Dataset excerpts:
________

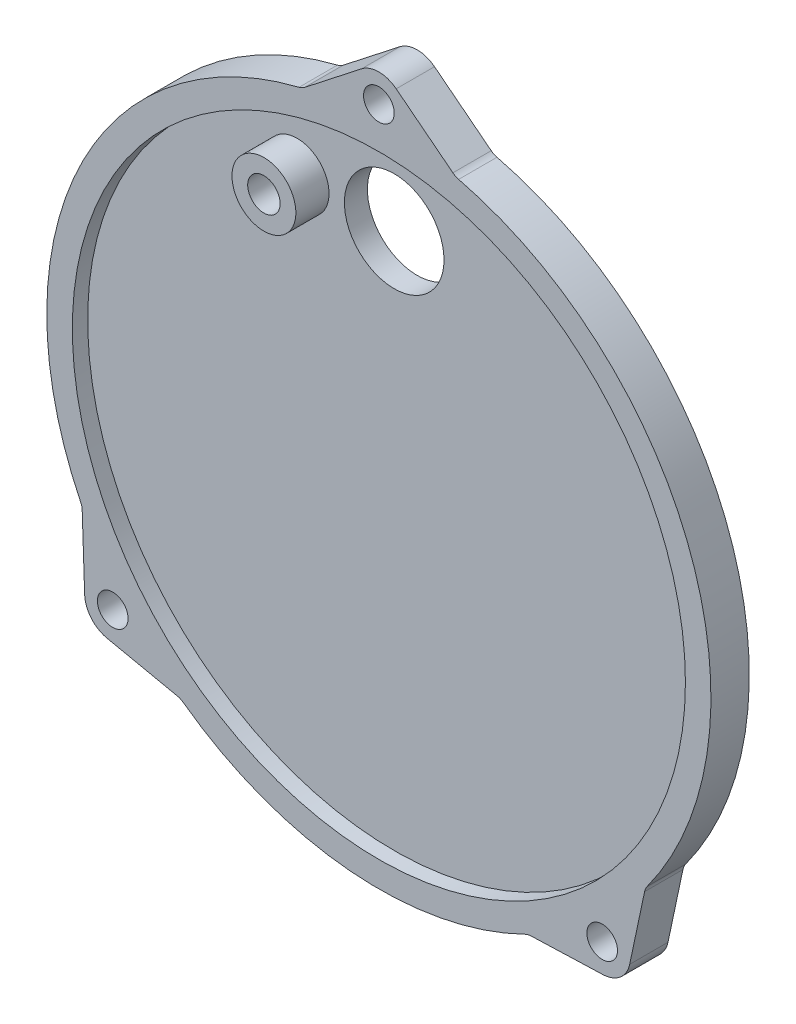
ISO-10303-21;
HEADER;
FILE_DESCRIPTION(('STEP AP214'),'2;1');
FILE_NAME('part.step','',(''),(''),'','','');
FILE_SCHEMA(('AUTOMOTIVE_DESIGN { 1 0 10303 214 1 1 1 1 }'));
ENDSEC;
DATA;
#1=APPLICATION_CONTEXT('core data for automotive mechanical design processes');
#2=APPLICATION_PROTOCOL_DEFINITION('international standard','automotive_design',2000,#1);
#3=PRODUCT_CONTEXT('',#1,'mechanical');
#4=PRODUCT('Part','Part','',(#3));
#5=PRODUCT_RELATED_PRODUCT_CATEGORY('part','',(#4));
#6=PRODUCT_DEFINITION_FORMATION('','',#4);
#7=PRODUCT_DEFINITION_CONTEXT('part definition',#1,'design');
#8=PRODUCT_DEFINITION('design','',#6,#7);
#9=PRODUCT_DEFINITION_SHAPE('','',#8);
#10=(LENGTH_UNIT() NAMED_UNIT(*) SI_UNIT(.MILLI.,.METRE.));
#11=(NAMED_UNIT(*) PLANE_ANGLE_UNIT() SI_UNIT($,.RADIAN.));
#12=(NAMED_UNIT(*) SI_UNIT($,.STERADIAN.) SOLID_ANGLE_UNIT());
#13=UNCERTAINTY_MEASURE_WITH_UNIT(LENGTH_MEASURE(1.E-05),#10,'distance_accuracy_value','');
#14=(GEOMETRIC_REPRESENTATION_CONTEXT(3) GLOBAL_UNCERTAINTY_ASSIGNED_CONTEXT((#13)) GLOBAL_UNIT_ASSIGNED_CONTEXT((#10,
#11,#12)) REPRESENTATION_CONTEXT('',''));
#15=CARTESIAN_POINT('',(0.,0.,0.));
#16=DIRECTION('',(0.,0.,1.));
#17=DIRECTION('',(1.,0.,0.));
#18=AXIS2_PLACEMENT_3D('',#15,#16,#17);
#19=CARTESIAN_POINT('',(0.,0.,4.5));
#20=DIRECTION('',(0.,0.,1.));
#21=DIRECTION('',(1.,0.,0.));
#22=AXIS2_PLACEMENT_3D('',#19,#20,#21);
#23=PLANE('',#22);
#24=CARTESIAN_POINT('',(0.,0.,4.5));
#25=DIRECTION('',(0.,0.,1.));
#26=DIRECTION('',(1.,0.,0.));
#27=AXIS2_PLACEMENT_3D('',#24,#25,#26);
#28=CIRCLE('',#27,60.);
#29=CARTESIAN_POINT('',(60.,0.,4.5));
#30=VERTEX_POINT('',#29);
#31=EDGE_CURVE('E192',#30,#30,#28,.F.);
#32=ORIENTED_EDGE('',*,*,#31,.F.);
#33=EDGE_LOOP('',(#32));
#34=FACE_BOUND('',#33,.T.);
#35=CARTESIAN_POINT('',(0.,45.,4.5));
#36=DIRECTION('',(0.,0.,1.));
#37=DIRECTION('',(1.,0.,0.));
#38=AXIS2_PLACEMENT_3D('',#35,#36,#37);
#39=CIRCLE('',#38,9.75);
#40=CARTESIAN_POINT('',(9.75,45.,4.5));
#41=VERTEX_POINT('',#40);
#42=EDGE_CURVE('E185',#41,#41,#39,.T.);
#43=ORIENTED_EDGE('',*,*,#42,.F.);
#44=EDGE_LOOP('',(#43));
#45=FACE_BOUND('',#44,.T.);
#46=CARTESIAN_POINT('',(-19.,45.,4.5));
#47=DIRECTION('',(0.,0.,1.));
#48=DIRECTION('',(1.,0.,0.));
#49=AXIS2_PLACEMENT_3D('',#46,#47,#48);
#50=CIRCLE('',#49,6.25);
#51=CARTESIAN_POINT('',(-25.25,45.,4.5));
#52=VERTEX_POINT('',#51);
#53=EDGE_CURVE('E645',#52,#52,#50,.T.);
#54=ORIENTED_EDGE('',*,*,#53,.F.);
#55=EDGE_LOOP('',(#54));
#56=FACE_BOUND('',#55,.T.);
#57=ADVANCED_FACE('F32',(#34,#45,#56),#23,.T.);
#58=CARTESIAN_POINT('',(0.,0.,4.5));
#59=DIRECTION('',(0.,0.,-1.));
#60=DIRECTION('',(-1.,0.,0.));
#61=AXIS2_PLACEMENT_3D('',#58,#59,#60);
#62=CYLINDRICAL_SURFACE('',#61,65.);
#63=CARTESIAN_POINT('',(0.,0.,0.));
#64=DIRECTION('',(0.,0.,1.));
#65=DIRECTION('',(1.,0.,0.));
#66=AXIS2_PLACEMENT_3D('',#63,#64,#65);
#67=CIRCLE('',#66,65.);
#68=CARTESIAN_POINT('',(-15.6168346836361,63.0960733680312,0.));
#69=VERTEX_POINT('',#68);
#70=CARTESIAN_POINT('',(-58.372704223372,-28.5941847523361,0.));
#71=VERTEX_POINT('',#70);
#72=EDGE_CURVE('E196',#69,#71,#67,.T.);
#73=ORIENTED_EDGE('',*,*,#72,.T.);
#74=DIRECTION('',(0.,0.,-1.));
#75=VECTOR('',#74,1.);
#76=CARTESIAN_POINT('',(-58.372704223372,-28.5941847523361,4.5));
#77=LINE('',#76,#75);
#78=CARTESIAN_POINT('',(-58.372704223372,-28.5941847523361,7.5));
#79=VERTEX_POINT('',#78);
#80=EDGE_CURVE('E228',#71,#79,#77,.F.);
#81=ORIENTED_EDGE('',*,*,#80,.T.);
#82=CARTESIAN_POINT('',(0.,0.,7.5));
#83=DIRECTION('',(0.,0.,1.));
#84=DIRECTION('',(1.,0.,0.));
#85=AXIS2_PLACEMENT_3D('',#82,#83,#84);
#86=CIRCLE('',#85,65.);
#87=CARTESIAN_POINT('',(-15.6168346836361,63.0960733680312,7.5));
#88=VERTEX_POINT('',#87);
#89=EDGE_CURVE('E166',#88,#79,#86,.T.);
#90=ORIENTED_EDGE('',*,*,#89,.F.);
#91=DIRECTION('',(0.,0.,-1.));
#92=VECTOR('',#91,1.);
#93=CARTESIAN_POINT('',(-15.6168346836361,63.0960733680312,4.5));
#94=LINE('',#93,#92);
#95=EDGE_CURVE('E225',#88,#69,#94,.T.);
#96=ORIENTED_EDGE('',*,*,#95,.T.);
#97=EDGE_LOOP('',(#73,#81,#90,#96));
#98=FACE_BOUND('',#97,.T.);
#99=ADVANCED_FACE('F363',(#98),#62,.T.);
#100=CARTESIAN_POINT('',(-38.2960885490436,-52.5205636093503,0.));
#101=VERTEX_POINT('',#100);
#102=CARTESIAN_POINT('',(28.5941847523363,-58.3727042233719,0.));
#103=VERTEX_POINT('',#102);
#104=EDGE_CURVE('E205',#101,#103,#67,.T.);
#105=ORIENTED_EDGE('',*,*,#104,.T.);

________

• _Problem_:
The entries must be repeated exactly. Leave the images out.

• _Solution to this task_:
ISO-10303-21;
HEADER;
FILE_DESCRIPTION(('STEP AP214'),'2;1');
FILE_NAME('part.step','',(''),(''),'','','');
FILE_SCHEMA(('AUTOMOTIVE_DESIGN { 1 0 10303 214 1 1 1 1 }'));
ENDSEC;
DATA;
#1=APPLICATION_CONTEXT('core data for automotive mechanical design processes');
#2=APPLICATION_PROTOCOL_DEFINITION('international standard','automotive_design',2000,#1);
#3=PRODUCT_CONTEXT('',#1,'mechanical');
#4=PRODUCT('Part','Part','',(#3));
#5=PRODUCT_RELATED_PRODUCT_CATEGORY('part','',(#4));
#6=PRODUCT_DEFINITION_FORMATION('','',#4);
#7=PRODUCT_DEFINITION_CONTEXT('part definition',#1,'design');
#8=PRODUCT_DEFINITION('design','',#6,#7);
#9=PRODUCT_DEFINITION_SHAPE('','',#8);
#10=(LENGTH_UNIT() NAMED_UNIT(*) SI_UNIT(.MILLI.,.METRE.));
#11=(NAMED_UNIT(*) PLANE_ANGLE_UNIT() SI_UNIT($,.RADIAN.));
#12=(NAMED_UNIT(*) SI_UNIT($,.STERADIAN.) SOLID_ANGLE_UNIT());
#13=UNCERTAINTY_MEASURE_WITH_UNIT(LENGTH_MEASURE(1.E-05),#10,'distance_accuracy_value','');
#14=(GEOMETRIC_REPRESENTATION_CONTEXT(3) GLOBAL_UNCERTAINTY_ASSIGNED_CONTEXT((#13)) GLOBAL_UNIT_ASSIGNED_CONTEXT((#10,
#11,#12)) REPRESENTATION_CONTEXT('',''));
#15=CARTESIAN_POINT('',(0.,0.,0.));
#16=DIRECTION('',(0.,0.,1.));
#17=DIRECTION('',(1.,0.,0.));
#18=AXIS2_PLACEMENT_3D('',#15,#16,#17);
#19=CARTESIAN_POINT('',(0.,0.,4.5));
#20=DIRECTION('',(0.,0.,1.));
#21=DIRECTION('',(1.,0.,0.));
#22=AXIS2_PLACEMENT_3D('',#19,#20,#21);
#23=PLANE('',#22);
#24=CARTESIAN_POINT('',(0.,0.,4.5));
#25=DIRECTION('',(0.,0.,1.));
#26=DIRECTION('',(1.,0.,0.));
#27=AXIS2_PLACEMENT_3D('',#24,#25,#26);
#28=CIRCLE('',#27,60.);
#29=CARTESIAN_POINT('',(60.,0.,4.5));
#30=VERTEX_POINT('',#29);
#31=EDGE_CURVE('E192',#30,#30,#28,.F.);
#32=ORIENTED_EDGE('',*,*,#31,.F.);
#33=EDGE_LOOP('',(#32));
#34=FACE_BOUND('',#33,.T.);
#35=CARTESIAN_POINT('',(0.,45.,4.5));
#36=DIRECTION('',(0.,0.,1.));
#37=DIRECTION('',(1.,0.,0.));
#38=AXIS2_PLACEMENT_3D('',#35,#36,#37);
#39=CIRCLE('',#38,9.75);
#40=CARTESIAN_POINT('',(9.75,45.,4.5));
#41=VERTEX_POINT('',#40);
#42=EDGE_CURVE('E185',#41,#41,#39,.T.);
#43=ORIENTED_EDGE('',*,*,#42,.F.);
#44=EDGE_LOOP('',(#43));
#45=FACE_BOUND('',#44,.T.);
#46=CARTESIAN_POINT('',(-19.,45.,4.5));
#47=DIRECTION('',(0.,0.,1.));
#48=DIRECTION('',(1.,0.,0.));
#49=AXIS2_PLACEMENT_3D('',#46,#47,#48);
#50=CIRCLE('',#49,6.25);
#51=CARTESIAN_POINT('',(-25.25,45.,4.5));
#52=VERTEX_POINT('',#51);
#53=EDGE_CURVE('E645',#52,#52,#50,.T.);
#54=ORIENTED_EDGE('',*,*,#53,.F.);
#55=EDGE_LOOP('',(#54));
#56=FACE_BOUND('',#55,.T.);
#57=ADVANCED_FACE('F32',(#34,#45,#56),#23,.T.);
#58=CARTESIAN_POINT('',(0.,0.,4.5));
#59=DIRECTION('',(0.,0.,-1.));
#60=DIRECTION('',(-1.,0.,0.));
#61=AXIS2_PLACEMENT_3D('',#58,#59,#60);
#62=CYLINDRICAL_SURFACE('',#61,65.);
#63=CARTESIAN_POINT('',(0.,0.,0.));
#64=DIRECTION('',(0.,0.,1.));
#65=DIRECTION('',(1.,0.,0.));
#66=AXIS2_PLACEMENT_3D('',#63,#64,#65);
#67=CIRCLE('',#66,65.);
#68=CARTESIAN_POINT('',(-15.6168346836361,63.0960733680312,0.));
#69=VERTEX_POINT('',#68);
#70=CARTESIAN_POINT('',(-58.372704223372,-28.5941847523361,0.));
#71=VERTEX_POINT('',#70);
#72=EDGE_CURVE('E196',#69,#71,#67,.T.);
#73=ORIENTED_EDGE('',*,*,#72,.T.);
#74=DIRECTION('',(0.,0.,-1.));
#75=VECTOR('',#74,1.);
#76=CARTESIAN_POINT('',(-58.372704223372,-28.5941847523361,4.5));
#77=LINE('',#76,#75);
#78=CARTESIAN_POINT('',(-58.372704223372,-28.5941847523361,7.5));
#79=VERTEX_POINT('',#78);
#80=EDGE_CURVE('E228',#71,#79,#77,.F.);
#81=ORIENTED_EDGE('',*,*,#80,.T.);
#82=CARTESIAN_POINT('',(0.,0.,7.5));
#83=DIRECTION('',(0.,0.,1.));
#84=DIRECTION('',(1.,0.,0.));
#85=AXIS2_PLACEMENT_3D('',#82,#83,#84);
#86=CIRCLE('',#85,65.);
#87=CARTESIAN_POINT('',(-15.6168346836361,63.0960733680312,7.5));
#88=VERTEX_POINT('',#87);
#89=EDGE_CURVE('E166',#88,#79,#86,.T.);
#90=ORIENTED_EDGE('',*,*,#89,.F.);
#91=DIRECTION('',(0.,0.,-1.));
#92=VECTOR('',#91,1.);
#93=CARTESIAN_POINT('',(-15.6168346836361,63.0960733680312,4.5));
#94=LINE('',#93,#92);
#95=EDGE_CURVE('E225',#88,#69,#94,.T.);
#96=ORIENTED_EDGE('',*,*,#95,.T.);
#97=EDGE_LOOP('',(#73,#81,#90,#96));
#98=FACE_BOUND('',#97,.T.);
#99=ADVANCED_FACE('F363',(#98),#62,.T.);
#100=CARTESIAN_POINT('',(-38.2960885490436,-52.5205636093503,0.));
#101=VERTEX_POINT('',#100);
#102=CARTESIAN_POINT('',(28.5941847523363,-58.3727042233719,0.));
#103=VERTEX_POINT('',#102);
#104=EDGE_CURVE('E205',#101,#103,#67,.T.);
#105=ORIENTED_EDGE('',*,*,#104,.T.);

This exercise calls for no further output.